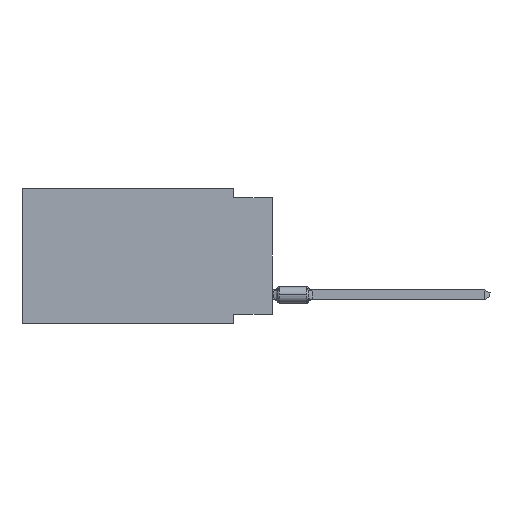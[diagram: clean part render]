
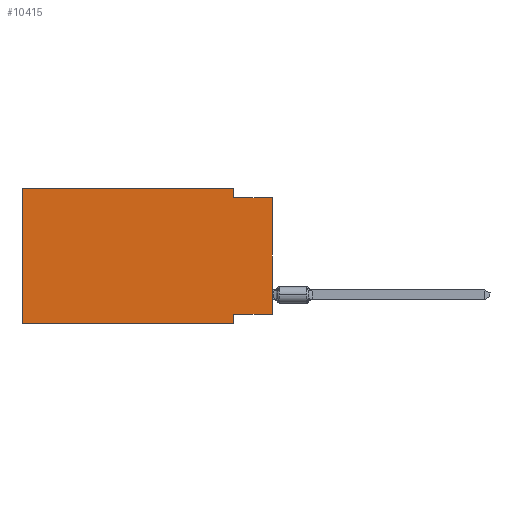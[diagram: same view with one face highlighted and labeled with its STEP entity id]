
A CAD part, left-side view. The second image highlights one B-rep face of the part: STEP entity #10415.
In plain terms, the highlighted planar face has unit normal (-1, 0, 0).
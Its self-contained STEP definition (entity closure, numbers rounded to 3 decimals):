
#515 = LINE ( 'NONE', #7828, #15696 ) ;
#1305 = ORIENTED_EDGE ( 'NONE', *, *, #40198, .T. ) ;
#1345 = VECTOR ( 'NONE', #34275, 1000. ) ;
#2178 = ORIENTED_EDGE ( 'NONE', *, *, #14212, .F. ) ;
#2992 = CARTESIAN_POINT ( 'NONE',  ( 0., 2.54, -8.255 ) ) ;
#3388 = VECTOR ( 'NONE', #6307, 1000. ) ;
#3951 = VECTOR ( 'NONE', #7229, 1000. ) ;
#4405 = CARTESIAN_POINT ( 'NONE',  ( 0., 16.383, -8.89 ) ) ;
#4815 = CARTESIAN_POINT ( 'NONE',  ( 0., 16.383, -8.89 ) ) ;
#5057 = LINE ( 'NONE', #37548, #35603 ) ;
#5952 = VERTEX_POINT ( 'NONE', #20646 ) ;
#6307 = DIRECTION ( 'NONE',  ( 0., 0., -1. ) ) ;
#6576 = EDGE_CURVE ( 'NONE', #29248, #22827, #28452, .T. ) ;
#6984 = CARTESIAN_POINT ( 'NONE',  ( 0., 16.383, 0. ) ) ;
#7229 = DIRECTION ( 'NONE',  ( 0., 0., -1. ) ) ;
#7828 = CARTESIAN_POINT ( 'NONE',  ( 0., 0., 0. ) ) ;
#8085 = ORIENTED_EDGE ( 'NONE', *, *, #20700, .F. ) ;
#9919 = LINE ( 'NONE', #43542, #3951 ) ;
#10415 = ADVANCED_FACE ( 'NONE', ( #38346 ), #38574, .F. ) ;
#10496 = ORIENTED_EDGE ( 'NONE', *, *, #26458, .T. ) ;
#12100 = VERTEX_POINT ( 'NONE', #2992 ) ;
#14075 = CARTESIAN_POINT ( 'NONE',  ( 0., 2.54, 0. ) ) ;
#14212 = EDGE_CURVE ( 'NONE', #12100, #46405, #9919, .T. ) ;
#15696 = VECTOR ( 'NONE', #45087, 1000. ) ;
#16065 = AXIS2_PLACEMENT_3D ( 'NONE', #41985, #31016, #35174 ) ;
#17121 = ORIENTED_EDGE ( 'NONE', *, *, #24575, .F. ) ;
#19586 = DIRECTION ( 'NONE',  ( 0., -1., 0. ) ) ;
#20646 = CARTESIAN_POINT ( 'NONE',  ( 0., 0., -0.635 ) ) ;
#20700 = EDGE_CURVE ( 'NONE', #41833, #29248, #43729, .T. ) ;
#22827 = VERTEX_POINT ( 'NONE', #28150 ) ;
#24575 = EDGE_CURVE ( 'NONE', #47101, #41833, #46109, .T. ) ;
#25019 = VERTEX_POINT ( 'NONE', #35567 ) ;
#25598 = EDGE_CURVE ( 'NONE', #22827, #5952, #5057, .T. ) ;
#26458 = EDGE_CURVE ( 'NONE', #25019, #5952, #515, .T. ) ;
#27665 = LINE ( 'NONE', #4815, #1345 ) ;
#27877 = CARTESIAN_POINT ( 'NONE',  ( 0., 2.54, -8.89 ) ) ;
#28150 = CARTESIAN_POINT ( 'NONE',  ( 0., 2.54, -0.635 ) ) ;
#28381 = ORIENTED_EDGE ( 'NONE', *, *, #6576, .F. ) ;
#28452 = LINE ( 'NONE', #14075, #3388 ) ;
#29248 = VERTEX_POINT ( 'NONE', #44426 ) ;
#29579 = VECTOR ( 'NONE', #19586, 1000. ) ;
#29616 = CARTESIAN_POINT ( 'NONE',  ( 0., 0., -8.255 ) ) ;
#30327 = DIRECTION ( 'NONE',  ( 0., 1., 0. ) ) ;
#31016 = DIRECTION ( 'NONE',  ( 1., 0., 0. ) ) ;
#31245 = DIRECTION ( 'NONE',  ( 0., 0., 1. ) ) ;
#32589 = EDGE_CURVE ( 'NONE', #25019, #12100, #48118, .T. ) ;
#33528 = ORIENTED_EDGE ( 'NONE', *, *, #25598, .F. ) ;
#34275 = DIRECTION ( 'NONE',  ( 0., -1., 0. ) ) ;
#34442 = CARTESIAN_POINT ( 'NONE',  ( 0., 16.383, 0. ) ) ;
#35174 = DIRECTION ( 'NONE',  ( 0., 0., -1. ) ) ;
#35567 = CARTESIAN_POINT ( 'NONE',  ( 0., 0., -8.255 ) ) ;
#35603 = VECTOR ( 'NONE', #38926, 1000. ) ;
#37548 = CARTESIAN_POINT ( 'NONE',  ( 0., 0., -0.635 ) ) ;
#38346 = FACE_OUTER_BOUND ( 'NONE', #39744, .T. ) ;
#38574 = PLANE ( 'NONE',  #16065 ) ;
#38926 = DIRECTION ( 'NONE',  ( 0., -1., 0. ) ) ;
#39026 = VECTOR ( 'NONE', #31245, 1000. ) ;
#39744 = EDGE_LOOP ( 'NONE', ( #10496, #33528, #28381, #8085, #17121, #1305, #2178, #48122 ) ) ;
#39971 = VECTOR ( 'NONE', #30327, 1000. ) ;
#40198 = EDGE_CURVE ( 'NONE', #47101, #46405, #27665, .T. ) ;
#41833 = VERTEX_POINT ( 'NONE', #6984 ) ;
#41985 = CARTESIAN_POINT ( 'NONE',  ( 0., 16.383, 0. ) ) ;
#43542 = CARTESIAN_POINT ( 'NONE',  ( 0., 2.54, -8.89 ) ) ;
#43729 = LINE ( 'NONE', #34442, #29579 ) ;
#44426 = CARTESIAN_POINT ( 'NONE',  ( 0., 2.54, 0. ) ) ;
#45087 = DIRECTION ( 'NONE',  ( 0., 0., 1. ) ) ;
#45390 = CARTESIAN_POINT ( 'NONE',  ( 0., 16.383, 0. ) ) ;
#46109 = LINE ( 'NONE', #45390, #39026 ) ;
#46405 = VERTEX_POINT ( 'NONE', #27877 ) ;
#47101 = VERTEX_POINT ( 'NONE', #4405 ) ;
#48118 = LINE ( 'NONE', #29616, #39971 ) ;
#48122 = ORIENTED_EDGE ( 'NONE', *, *, #32589, .F. ) ;

_ _ _

● **What you have to do**:
Using only the listing above, restate exactly the lines from the line containing "#15696 = VECTOR ( 'NONE', #45087, 1000. ) ;" through the line containing "#29616 = CARTESIAN_POINT", both included.

● **Answer to this exercise**:
#15696 = VECTOR ( 'NONE', #45087, 1000. ) ;
#16065 = AXIS2_PLACEMENT_3D ( 'NONE', #41985, #31016, #35174 ) ;
#17121 = ORIENTED_EDGE ( 'NONE', *, *, #24575, .F. ) ;
#19586 = DIRECTION ( 'NONE',  ( 0., -1., 0. ) ) ;
#20646 = CARTESIAN_POINT ( 'NONE',  ( 0., 0., -0.635 ) ) ;
#20700 = EDGE_CURVE ( 'NONE', #41833, #29248, #43729, .T. ) ;
#22827 = VERTEX_POINT ( 'NONE', #28150 ) ;
#24575 = EDGE_CURVE ( 'NONE', #47101, #41833, #46109, .T. ) ;
#25019 = VERTEX_POINT ( 'NONE', #35567 ) ;
#25598 = EDGE_CURVE ( 'NONE', #22827, #5952, #5057, .T. ) ;
#26458 = EDGE_CURVE ( 'NONE', #25019, #5952, #515, .T. ) ;
#27665 = LINE ( 'NONE', #4815, #1345 ) ;
#27877 = CARTESIAN_POINT ( 'NONE',  ( 0., 2.54, -8.89 ) ) ;
#28150 = CARTESIAN_POINT ( 'NONE',  ( 0., 2.54, -0.635 ) ) ;
#28381 = ORIENTED_EDGE ( 'NONE', *, *, #6576, .F. ) ;
#28452 = LINE ( 'NONE', #14075, #3388 ) ;
#29248 = VERTEX_POINT ( 'NONE', #44426 ) ;
#29579 = VECTOR ( 'NONE', #19586, 1000. ) ;
#29616 = CARTESIAN_POINT ( 'NONE',  ( 0., 0., -8.255 ) ) ;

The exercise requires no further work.